Comparative Example 5 Using PPS-III obtained in Reference Example 3, each component was blended at the ratio shown in Table 1, and the same operation and evaluation as in Example 1 were performed. Table 2 shows the results. The obtained resin composition is
The toughness, impact resistance, weld strength, and moldability were all poor.

Comparative Example 6 Using PPS-III obtained in Reference Example 3, each component was blended at the ratio shown in Table 1, and the same operation and evaluation as in Example 1 were performed. Table 2 shows the results. The obtained resin composition is
Although it was excellent in toughness, impact resistance and weld strength, the amount of gas generated during pellet drying and molding was very large, and was not practically usable.

Comparative Example 7 Using PPS-III obtained in Reference Example 3, each component was blended at the ratio shown in Table 1, and the same operation and evaluation as in Example 1 were performed. Table 2 shows the results. The obtained resin composition is
Although the weld strength was excellent, the toughness and impact resistance were poor.

Comparative Example 8 Using PPS-III obtained in Reference Example 3, each component was blended at the ratio shown in Table 1, and the same operation and evaluation as in Example 1 were performed. Table 2 shows the results. The obtained resin composition is
Molding could not be performed due to the large amount of generated gas.

Comparative Example 9 Using PPS-III obtained in Reference Example 3, each component was blended at the ratio shown in Table 1, and the same operation and evaluation as in Example 1 were performed. Table 2 shows the results. The obtained resin composition is
The toughness was remarkably low.

Comparative Example 10 Using PPS-VII obtained in Reference Example 7, each component was blended at the ratio shown in Table 1, and the same operation and evaluation as in Example 1 were performed. Table 2 shows the results. The obtained resin composition is
Due to the high melt viscosity, kneading and extrusion by a twin-screw extruder could not be performed.

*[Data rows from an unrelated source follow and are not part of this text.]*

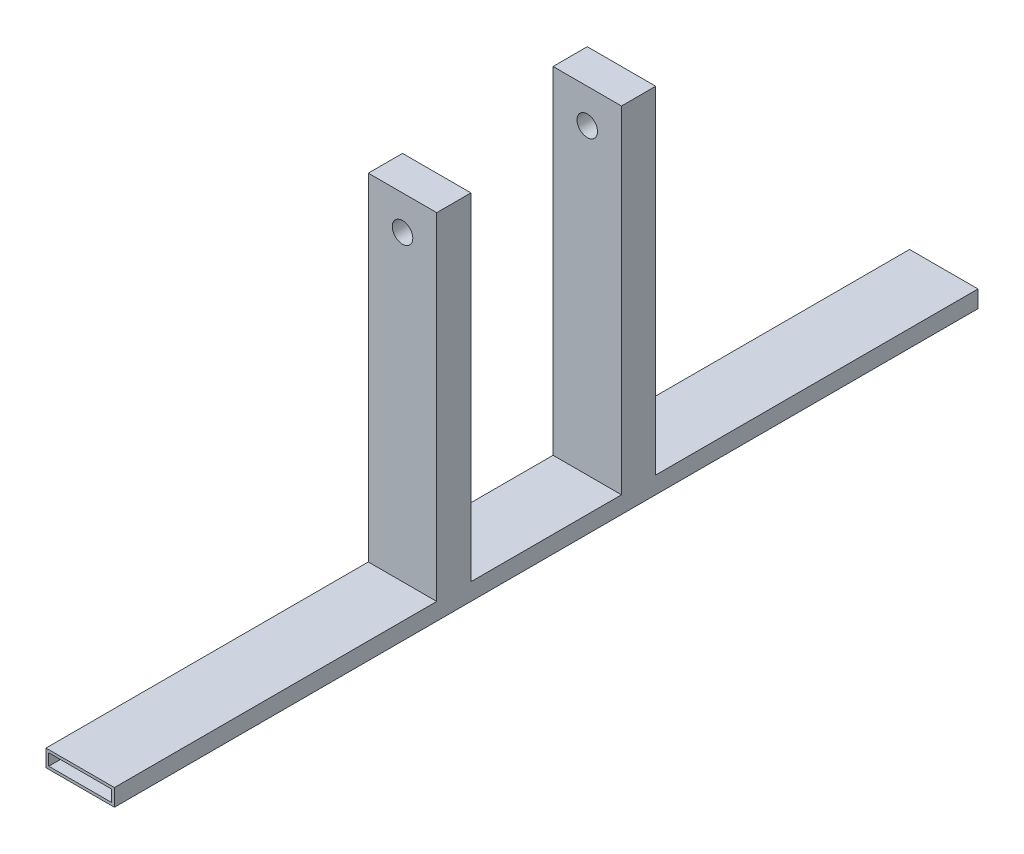
ISO-10303-21;
HEADER;
FILE_DESCRIPTION(('STEP AP214'),'2;1');
FILE_NAME('part.step','',(''),(''),'','','');
FILE_SCHEMA(('AUTOMOTIVE_DESIGN { 1 0 10303 214 1 1 1 1 }'));
ENDSEC;
DATA;
#1=APPLICATION_CONTEXT('core data for automotive mechanical design processes');
#2=APPLICATION_PROTOCOL_DEFINITION('international standard','automotive_design',2000,#1);
#3=PRODUCT_CONTEXT('',#1,'mechanical');
#4=PRODUCT('Part','Part','',(#3));
#5=PRODUCT_RELATED_PRODUCT_CATEGORY('part','',(#4));
#6=PRODUCT_DEFINITION_FORMATION('','',#4);
#7=PRODUCT_DEFINITION_CONTEXT('part definition',#1,'design');
#8=PRODUCT_DEFINITION('design','',#6,#7);
#9=PRODUCT_DEFINITION_SHAPE('','',#8);
#10=(LENGTH_UNIT() NAMED_UNIT(*) SI_UNIT(.MILLI.,.METRE.));
#11=(NAMED_UNIT(*) PLANE_ANGLE_UNIT() SI_UNIT($,.RADIAN.));
#12=(NAMED_UNIT(*) SI_UNIT($,.STERADIAN.) SOLID_ANGLE_UNIT());
#13=UNCERTAINTY_MEASURE_WITH_UNIT(LENGTH_MEASURE(1.E-05),#10,'distance_accuracy_value','');
#14=(GEOMETRIC_REPRESENTATION_CONTEXT(3) GLOBAL_UNCERTAINTY_ASSIGNED_CONTEXT((#13)) GLOBAL_UNIT_ASSIGNED_CONTEXT((#10,
#11,#12)) REPRESENTATION_CONTEXT('',''));
#15=CARTESIAN_POINT('',(0.,0.,0.));
#16=DIRECTION('',(0.,0.,1.));
#17=DIRECTION('',(1.,0.,0.));
#18=AXIS2_PLACEMENT_3D('',#15,#16,#17);
#19=CARTESIAN_POINT('',(-16.6040623260991,3.95833333333333,631.));
#20=DIRECTION('',(0.,-1.,0.));
#21=DIRECTION('',(0.,0.,-1.));
#22=AXIS2_PLACEMENT_3D('',#19,#20,#21);
#23=PLANE('',#22);
#24=DIRECTION('',(1.,0.,0.));
#25=VECTOR('',#24,1.);
#26=CARTESIAN_POINT('',(-16.6040623260991,3.95833333333333,395.5));
#27=LINE('',#26,#25);
#28=CARTESIAN_POINT('',(-16.6040623260991,3.95833333333333,395.5));
#29=VERTEX_POINT('',#28);
#30=CARTESIAN_POINT('',(33.395937673901,3.95833333333333,395.5));
#31=VERTEX_POINT('',#30);
#32=EDGE_CURVE('E59',#29,#31,#27,.T.);
#33=ORIENTED_EDGE('',*,*,#32,.F.);
#34=DIRECTION('',(0.,0.,-1.));
#35=VECTOR('',#34,1.);
#36=CARTESIAN_POINT('',(-16.6040623260991,3.95833333333333,631.));
#37=LINE('',#36,#35);
#38=CARTESIAN_POINT('',(-16.6040623260991,3.95833333333333,631.));
#39=VERTEX_POINT('',#38);
#40=EDGE_CURVE('E221',#39,#29,#37,.T.);
#41=ORIENTED_EDGE('',*,*,#40,.F.);
#42=DIRECTION('',(-1.,0.,0.));
#43=VECTOR('',#42,1.);
#44=CARTESIAN_POINT('',(-16.6040623260991,3.95833333333333,631.));
#45=LINE('',#44,#43);
#46=CARTESIAN_POINT('',(33.395937673901,3.95833333333333,631.));
#47=VERTEX_POINT('',#46);
#48=EDGE_CURVE('E346',#47,#39,#45,.T.);
#49=ORIENTED_EDGE('',*,*,#48,.F.);
#50=DIRECTION('',(0.,0.,-1.));
#51=VECTOR('',#50,1.);
#52=CARTESIAN_POINT('',(33.395937673901,3.95833333333333,631.));
#53=LINE('',#52,#51);
#54=EDGE_CURVE('E361',#47,#31,#53,.T.);
#55=ORIENTED_EDGE('',*,*,#54,.T.);
#56=EDGE_LOOP('',(#33,#41,#49,#55));
#57=FACE_BOUND('',#56,.T.);
#58=ADVANCED_FACE('F35',(#57),#23,.F.);
#59=DIRECTION('',(-1.,0.,0.));
#60=VECTOR('',#59,1.);
#61=CARTESIAN_POINT('',(-16.6040623260991,3.95833333333333,370.5));
#62=LINE('',#61,#60);
#63=CARTESIAN_POINT('',(33.395937673901,3.95833333333333,370.5));
#64=VERTEX_POINT('',#63);
#65=CARTESIAN_POINT('',(-16.6040623260976,3.95833333333331,370.5));
#66=VERTEX_POINT('',#65);
#67=EDGE_CURVE('E239',#64,#66,#62,.T.);
#68=ORIENTED_EDGE('',*,*,#67,.F.);
#69=CARTESIAN_POINT('',(33.395937673901,3.95833333333333,260.5));
#70=VERTEX_POINT('',#69);
#71=EDGE_CURVE('E364',#64,#70,#53,.T.);
#72=ORIENTED_EDGE('',*,*,#71,.T.);
#73=DIRECTION('',(1.,0.,0.));
#74=VECTOR('',#73,1.);
#75=CARTESIAN_POINT('',(-16.6040623260991,3.95833333333333,260.5));
#76=LINE('',#75,#74);
#77=CARTESIAN_POINT('',(-16.6040623260991,3.95833333333333,260.5));
#78=VERTEX_POINT('',#77);
#79=EDGE_CURVE('E294',#78,#70,#76,.T.);
#80=ORIENTED_EDGE('',*,*,#79,.F.);
#81=EDGE_CURVE('E360',#66,#78,#37,.T.);
#82=ORIENTED_EDGE('',*,*,#81,.F.);
#83=EDGE_LOOP('',(#68,#72,#80,#82));
#84=FACE_BOUND('',#83,.T.);
#85=ADVANCED_FACE('F436',(#84),#23,.F.);
#86=CARTESIAN_POINT('',(-14.6040623260991,3.95833333333333,631.));
#87=DIRECTION('',(1.,0.,0.));
#88=DIRECTION('',(0.,0.,-1.));
#89=AXIS2_PLACEMENT_3D('',#86,#87,#88);
#90=PLANE('',#89);
#91=DIRECTION('',(0.,0.,1.));
#92=VECTOR('',#91,1.);
#93=CARTESIAN_POINT('',(-14.6040623260991,0.,631.));
#94=LINE('',#93,#92);
#95=CARTESIAN_POINT('',(-14.6040623260991,0.,370.5));
#96=VERTEX_POINT('',#95);
#97=CARTESIAN_POINT('',(-14.6040623260991,0.,395.5));
#98=VERTEX_POINT('',#97);
#99=EDGE_CURVE('E225',#96,#98,#94,.T.);
#100=ORIENTED_EDGE('',*,*,#99,.T.);
#101=DIRECTION('',(0.,1.,0.));
#102=VECTOR('',#101,1.);
#103=CARTESIAN_POINT('',(-14.6040623260991,3.95833333333333,395.5));
#104=LINE('',#103,#102);
#105=CARTESIAN_POINT('',(-14.6040623260991,1.95833333333333,395.5));
#106=VERTEX_POINT('',#105);
#107=EDGE_CURVE('E248',#98,#106,#104,.T.);
#108=ORIENTED_EDGE('',*,*,#107,.T.);
#109=DIRECTION('',(0.,0.,-1.));
#110=VECTOR('',#109,1.);
#111=CARTESIAN_POINT('',(-14.6040623260991,1.95833333333333,631.));
#112=LINE('',#111,#110);
#113=CARTESIAN_POINT('',(-14.6040623260991,1.95833333333333,631.));
#114=VERTEX_POINT('',#113);
#115=EDGE_CURVE('E306',#114,#106,#112,.T.);
#116=ORIENTED_EDGE('',*,*,#115,.F.);
#117=DIRECTION('',(0.,-1.,0.));
#118=VECTOR('',#117,1.);
#119=CARTESIAN_POINT('',(-14.6040623260991,3.95833333333333,631.));
#120=LINE('',#119,#118);
#121=CARTESIAN_POINT('',(-14.6040623260991,-6.54166655866667,631.));
#122=VERTEX_POINT('',#121);
#123=EDGE_CURVE('E324',#114,#122,#120,.T.);
#124=ORIENTED_EDGE('',*,*,#123,.T.);
#125=DIRECTION('',(0.,0.,-1.));
#126=VECTOR('',#125,1.);
#127=CARTESIAN_POINT('',(-14.6040623260991,-6.54166655866667,631.));
#128=LINE('',#127,#126);
#129=CARTESIAN_POINT('',(-14.6040623260991,-6.54166655866667,0.));
#130=VERTEX_POINT('',#129);
#131=EDGE_CURVE('E301',#122,#130,#128,.T.);
#132=ORIENTED_EDGE('',*,*,#131,.T.);
#133=DIRECTION('',(0.,-1.,0.));
#134=VECTOR('',#133,1.);
#135=CARTESIAN_POINT('',(-14.6040623260991,3.95833333333333,0.));
#136=LINE('',#135,#134);
#137=CARTESIAN_POINT('',(-14.6040623260991,1.95833333333333,0.));
#138=VERTEX_POINT('',#137);
#139=EDGE_CURVE('E300',#138,#130,#136,.T.);
#140=ORIENTED_EDGE('',*,*,#139,.F.);
#141=CARTESIAN_POINT('',(-14.6040623260991,1.95833333333333,235.5));
#142=VERTEX_POINT('',#141);
#143=EDGE_CURVE('E311',#142,#138,#112,.T.);
#144=ORIENTED_EDGE('',*,*,#143,.F.);
#145=DIRECTION('',(0.,-1.,0.));
#146=VECTOR('',#145,1.);
#147=CARTESIAN_POINT('',(-14.6040623260991,3.95833333333333,235.5));
#148=LINE('',#147,#146);
#149=CARTESIAN_POINT('',(-14.6040623260991,0.,235.5));
#150=VERTEX_POINT('',#149);
#151=EDGE_CURVE('E282',#142,#150,#148,.T.);
#152=ORIENTED_EDGE('',*,*,#151,.T.);
#153=DIRECTION('',(0.,0.,1.));
#154=VECTOR('',#153,1.);
#155=CARTESIAN_POINT('',(-14.6040623260991,0.,631.));
#156=LINE('',#155,#154);
#157=CARTESIAN_POINT('',(-14.6040623260991,0.,260.5));
#158=VERTEX_POINT('',#157);
#159=EDGE_CURVE('E297',#150,#158,#156,.T.);
#160=ORIENTED_EDGE('',*,*,#159,.T.);
#161=DIRECTION('',(0.,1.,0.));
#162=VECTOR('',#161,1.);
#163=CARTESIAN_POINT('',(-14.6040623260991,3.95833333333333,260.5));
#164=LINE('',#163,#162);
#165=CARTESIAN_POINT('',(-14.6040623260991,1.95833333333333,260.5));
#166=VERTEX_POINT('',#165);
#167=EDGE_CURVE('E291',#158,#166,#164,.T.);
#168=ORIENTED_EDGE('',*,*,#167,.T.);
#169=CARTESIAN_POINT('',(-14.6040623260991,1.95833333333333,370.5));
#170=VERTEX_POINT('',#169);
#171=EDGE_CURVE('E310',#170,#166,#112,.T.);
#172=ORIENTED_EDGE('',*,*,#171,.F.);
#173=DIRECTION('',(0.,-1.,0.));
#174=VECTOR('',#173,1.);
#175=CARTESIAN_POINT('',(-14.6040623260991,3.95833333333333,370.5));
#176=LINE('',#175,#174);
#177=EDGE_CURVE('E51',#170,#96,#176,.T.);
#178=ORIENTED_EDGE('',*,*,#177,.T.);
#179=EDGE_LOOP('',(#100,#108,#116,#124,#132,#140,#144,#152,#160,#168,#172,#178));
#180=FACE_BOUND('',#179,.T.);
#181=ADVANCED_FACE('F384',(#180),#90,.T.);
#182=CARTESIAN_POINT('',(31.3959376739009,3.95833333333333,631.));
#183=DIRECTION('',(-1.,0.,0.));
#184=DIRECTION('',(0.,0.,1.));
#185=AXIS2_PLACEMENT_3D('',#182,#183,#184);
#186=PLANE('',#185);
#187=DIRECTION('',(0.,0.,-1.));
#188=VECTOR('',#187,1.);
#189=CARTESIAN_POINT('',(31.3959376739009,1.95833333333333,631.));
#190=LINE('',#189,#188);
#191=CARTESIAN_POINT('',(31.3959376739009,1.95833333333333,631.));
#192=VERTEX_POINT('',#191);
#193=CARTESIAN_POINT('',(31.3959376739009,1.95833333333333,395.5));
#194=VERTEX_POINT('',#193);
#195=EDGE_CURVE('E314',#192,#194,#190,.T.);
#196=ORIENTED_EDGE('',*,*,#195,.T.);
#197=DIRECTION('',(0.,-1.,0.));
#198=VECTOR('',#197,1.);
#199=CARTESIAN_POINT('',(31.3959376739009,3.95833333333333,395.5));
#200=LINE('',#199,#198);
#201=CARTESIAN_POINT('',(31.3959376739009,0.,395.5));
#202=VERTEX_POINT('',#201);
#203=EDGE_CURVE('E245',#194,#202,#200,.T.);
#204=ORIENTED_EDGE('',*,*,#203,.T.);
#205=DIRECTION('',(0.,0.,-1.));
#206=VECTOR('',#205,1.);
#207=CARTESIAN_POINT('',(31.3959376739009,0.,631.));
#208=LINE('',#207,#206);
#209=CARTESIAN_POINT('',(31.3959376739009,0.,370.5));
#210=VERTEX_POINT('',#209);
#211=EDGE_CURVE('E222',#202,#210,#208,.T.);
#212=ORIENTED_EDGE('',*,*,#211,.T.);
#213=DIRECTION('',(0.,1.,0.));
#214=VECTOR('',#213,1.);
#215=CARTESIAN_POINT('',(31.3959376739009,3.95833333333333,370.5));
#216=LINE('',#215,#214);
#217=CARTESIAN_POINT('',(31.3959376739009,1.95833333333333,370.5));
#218=VERTEX_POINT('',#217);
#219=EDGE_CURVE('E235',#210,#218,#216,.T.);
#220=ORIENTED_EDGE('',*,*,#219,.T.);
#221=CARTESIAN_POINT('',(31.3959376739009,1.95833333333333,260.5));
#222=VERTEX_POINT('',#221);
#223=EDGE_CURVE('E317',#218,#222,#190,.T.);
#224=ORIENTED_EDGE('',*,*,#223,.T.);
#225=DIRECTION('',(0.,-1.,0.));
#226=VECTOR('',#225,1.);
#227=CARTESIAN_POINT('',(31.3959376739009,3.95833333333333,260.5));
#228=LINE('',#227,#226);
#229=CARTESIAN_POINT('',(31.3959376739009,0.,260.5));
#230=VERTEX_POINT('',#229);
#231=EDGE_CURVE('E288',#222,#230,#228,.T.);
#232=ORIENTED_EDGE('',*,*,#231,.T.);
#233=DIRECTION('',(0.,0.,-1.));
#234=VECTOR('',#233,1.);
#235=CARTESIAN_POINT('',(31.3959376739009,0.,631.));
#236=LINE('',#235,#234);
#237=CARTESIAN_POINT('',(31.3959376739009,0.,235.5));
#238=VERTEX_POINT('',#237);
#239=EDGE_CURVE('E11',#230,#238,#236,.T.);
#240=ORIENTED_EDGE('',*,*,#239,.T.);
#241=DIRECTION('',(0.,1.,0.));
#242=VECTOR('',#241,1.);
#243=CARTESIAN_POINT('',(31.3959376739009,3.95833333333333,235.5));
#244=LINE('',#243,#242);
#245=CARTESIAN_POINT('',(31.3959376739009,1.95833333333333,235.5));
#246=VERTEX_POINT('',#245);
#247=EDGE_CURVE('E279',#238,#246,#244,.T.);
#248=ORIENTED_EDGE('',*,*,#247,.T.);
#249=CARTESIAN_POINT('',(31.3959376739009,1.95833333333333,0.));
#250=VERTEX_POINT('',#249);
#251=EDGE_CURVE('E309',#246,#250,#190,.T.);
#252=ORIENTED_EDGE('',*,*,#251,.T.);
#253=DIRECTION('',(0.,1.,0.));
#254=VECTOR('',#253,1.);
#255=CARTESIAN_POINT('',(31.3959376739009,3.95833333333333,0.));
#256=LINE('',#255,#254);
#257=CARTESIAN_POINT('',(31.3959376739009,-6.54166655866667,0.));
#258=VERTEX_POINT('',#257);
#259=EDGE_CURVE('E325',#258,#250,#256,.T.);
#260=ORIENTED_EDGE('',*,*,#259,.F.);
#261=DIRECTION('',(0.,0.,-1.));
#262=VECTOR('',#261,1.);
#263=CARTESIAN_POINT('',(31.3959376739009,-6.54166655866667,631.));
#264=LINE('',#263,#262);
#265=CARTESIAN_POINT('',(31.3959376739009,-6.54166655866667,631.));
#266=VERTEX_POINT('',#265);
#267=EDGE_CURVE('E305',#266,#258,#264,.T.);
#268=ORIENTED_EDGE('',*,*,#267,.F.);
#269=DIRECTION('',(0.,1.,0.));
#270=VECTOR('',#269,1.);
#271=CARTESIAN_POINT('',(31.3959376739009,3.95833333333333,631.));
#272=LINE('',#271,#270);
#273=EDGE_CURVE('E333',#266,#192,#272,.T.);
#274=ORIENTED_EDGE('',*,*,#273,.T.);
#275=EDGE_LOOP('',(#196,#204,#212,#220,#224,#232,#240,#248,#252,#260,#268,#274));
#276=FACE_BOUND('',#275,.T.);
#277=ADVANCED_FACE('F393',(#276),#186,.T.);
#278=CARTESIAN_POINT('',(-16.6040623260991,1.95833333333333,631.));
#279=DIRECTION('',(0.,-1.,0.));
#280=DIRECTION('',(0.,0.,-1.));
#281=AXIS2_PLACEMENT_3D('',#278,#279,#280);
#282=PLANE('',#281);
#283=ORIENTED_EDGE('',*,*,#115,.T.);
#284=DIRECTION('',(1.,0.,0.));
#285=VECTOR('',#284,1.);
#286=CARTESIAN_POINT('',(-16.6040623260991,1.95833333333333,395.5));
#287=LINE('',#286,#285);
#288=EDGE_CURVE('E242',#106,#194,#287,.T.);
#289=ORIENTED_EDGE('',*,*,#288,.T.);
#290=ORIENTED_EDGE('',*,*,#195,.F.);
#291=DIRECTION('',(-1.,0.,0.));
#292=VECTOR('',#291,1.);
#293=CARTESIAN_POINT('',(-16.6040623260991,1.95833333333333,631.));
#294=LINE('',#293,#292);
#295=EDGE_CURVE('E336',#192,#114,#294,.T.);
#296=ORIENTED_EDGE('',*,*,#295,.T.);
#297=EDGE_LOOP('',(#283,#289,#290,#296));
#298=FACE_BOUND('',#297,.T.);
#299=ADVANCED_FACE('F472',(#298),#282,.T.);
#300=ORIENTED_EDGE('',*,*,#223,.F.);
#301=DIRECTION('',(-1.,0.,0.));
#302=VECTOR('',#301,1.);
#303=CARTESIAN_POINT('',(-16.6040623260991,1.95833333333333,370.5));
#304=LINE('',#303,#302);
#305=EDGE_CURVE('E233',#218,#170,#304,.T.);
#306=ORIENTED_EDGE('',*,*,#305,.T.);
#307=ORIENTED_EDGE('',*,*,#171,.T.);
#308=DIRECTION('',(1.,0.,0.));
#309=VECTOR('',#308,1.);
#310=CARTESIAN_POINT('',(-16.6040623260991,1.95833333333333,260.5));
#311=LINE('',#310,#309);
#312=EDGE_CURVE('E44',#166,#222,#311,.T.);
#313=ORIENTED_EDGE('',*,*,#312,.T.);
#314=EDGE_LOOP('',(#300,#306,#307,#313));
#315=FACE_BOUND('',#314,.T.);
#316=ADVANCED_FACE('F377',(#315),#282,.T.);
#317=DIRECTION('',(-1.,0.,0.));
#318=VECTOR('',#317,1.);
#319=CARTESIAN_POINT('',(-16.6040623260991,3.95833333333333,235.5));
#320=LINE('',#319,#318);
#321=CARTESIAN_POINT('',(33.395937673901,3.95833333333333,235.5));
#322=VERTEX_POINT('',#321);
#323=CARTESIAN_POINT('',(-16.6040623260991,3.95833333333331,235.5));
#324=VERTEX_POINT('',#323);
#325=EDGE_CURVE('E285',#322,#324,#320,.T.);
#326=ORIENTED_EDGE('',*,*,#325,.F.);
#327=CARTESIAN_POINT('',(33.395937673901,3.95833333333333,0.));
#328=VERTEX_POINT('',#327);
#329=EDGE_CURVE('E359',#322,#328,#53,.T.);
#330=ORIENTED_EDGE('',*,*,#329,.T.);
#331=DIRECTION('',(-1.,0.,0.));
#332=VECTOR('',#331,1.);
#333=CARTESIAN_POINT('',(-16.6040623260991,3.95833333333333,0.));
#334=LINE('',#333,#332);
#335=CARTESIAN_POINT('',(-16.6040623260991,3.95833333333333,0.));
#336=VERTEX_POINT('',#335);
#337=EDGE_CURVE('E342',#328,#336,#334,.T.);
#338=ORIENTED_EDGE('',*,*,#337,.T.);
#339=EDGE_CURVE('E348',#324,#336,#37,.T.);
#340=ORIENTED_EDGE('',*,*,#339,.F.);
#341=EDGE_LOOP('',(#326,#330,#338,#340));
#342=FACE_BOUND('',#341,.T.);
#343=ADVANCED_FACE('F423',(#342),#23,.F.);
#344=ORIENTED_EDGE('',*,*,#251,.F.);
#345=DIRECTION('',(-1.,0.,0.));
#346=VECTOR('',#345,1.);
#347=CARTESIAN_POINT('',(-16.6040623260991,1.95833333333333,235.5));
#348=LINE('',#347,#346);
#349=EDGE_CURVE('E370',#246,#142,#348,.T.);
#350=ORIENTED_EDGE('',*,*,#349,.T.);
#351=ORIENTED_EDGE('',*,*,#143,.T.);
#352=DIRECTION('',(-1.,0.,0.));
#353=VECTOR('',#352,1.);
#354=CARTESIAN_POINT('',(-16.6040623260991,1.95833333333333,0.));
#355=LINE('',#354,#353);
#356=EDGE_CURVE('E321',#250,#138,#355,.T.);
#357=ORIENTED_EDGE('',*,*,#356,.F.);
#358=EDGE_LOOP('',(#344,#350,#351,#357));
#359=FACE_BOUND('',#358,.T.);
#360=ADVANCED_FACE('F396',(#359),#282,.T.);
#361=CARTESIAN_POINT('',(-16.6040623260991,3.95833333333333,631.));
#362=DIRECTION('',(1.,0.,0.));
#363=DIRECTION('',(0.,0.,-1.));
#364=AXIS2_PLACEMENT_3D('',#361,#362,#363);
#365=PLANE('',#364);
#366=ORIENTED_EDGE('',*,*,#40,.T.);
#367=DIRECTION('',(0.,-1.,0.));
#368=VECTOR('',#367,1.);
#369=CARTESIAN_POINT('',(-16.6040623260976,250.,395.5));
#370=LINE('',#369,#368);
#371=CARTESIAN_POINT('',(-16.6040623260976,250.,395.5));
#372=VERTEX_POINT('',#371);
#373=EDGE_CURVE('E203',#372,#29,#370,.T.);
#374=ORIENTED_EDGE('',*,*,#373,.F.);
#375=DIRECTION('',(0.,0.,1.));
#376=VECTOR('',#375,1.);
#377=CARTESIAN_POINT('',(-16.6040623260976,250.,370.5));
#378=LINE('',#377,#376);
#379=CARTESIAN_POINT('',(-16.6040623260976,250.,370.5));
#380=VERTEX_POINT('',#379);
#381=EDGE_CURVE('E209',#380,#372,#378,.T.);
#382=ORIENTED_EDGE('',*,*,#381,.F.);
#383=DIRECTION('',(0.,-1.,0.));
#384=VECTOR('',#383,1.);
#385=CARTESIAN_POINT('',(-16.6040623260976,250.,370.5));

Comparative Example 11 Using the PPS-II obtained in Reference Example 2, each component was as shown in Table 1.
The same operation and evaluation as in Example 1 were performed. Table 2 shows the results. Although the obtained resin composition was excellent in toughness, it was inferior in impact resistance, weld strength and moldability.

[0089]

As is apparent from the above description, according to the present invention, a specific amino group-containing polyphenylene sulfide is added to a specific amount of a polyfunctional isocyanate, a maleic anhydride-modified ethylene copolymer or a glass. By blending the fibers, a polyphenylene sulfide resin composition having excellent toughness, impact resistance, weld strength, and moldability can be obtained, and is useful for electric / electronic device members, automobile device members, OA device members, and the like. .

[Brief description of the drawings]

FIG. 1 is a bar flow mold used to measure the burr length of the composition of the present invention.

Claims (2)

[Claims] (1) The melt viscosity after polymerization is 200 poise or more, and the melt viscosity after heat curing is 500 to 30000.
67-98.8% by weight of polyphenylene sulfide which is poise and contains 0.05-5 mol% of amino groups per phenylene sulfide unit, (b) 0.1-3% by weight of polyfunctional isocyanate and (c) anhydrous A polyphenylene sulfide resin composition comprising 1 to 30% by weight of a maleic acid-modified ethylene copolymer. 2. A glass fiber of 5 to 10 parts by weight per 100 parts by weight of the polyphenylene sulfide resin composition according to claim 1.
A polyphenylene sulfide resin composition comprising 0 part by weight.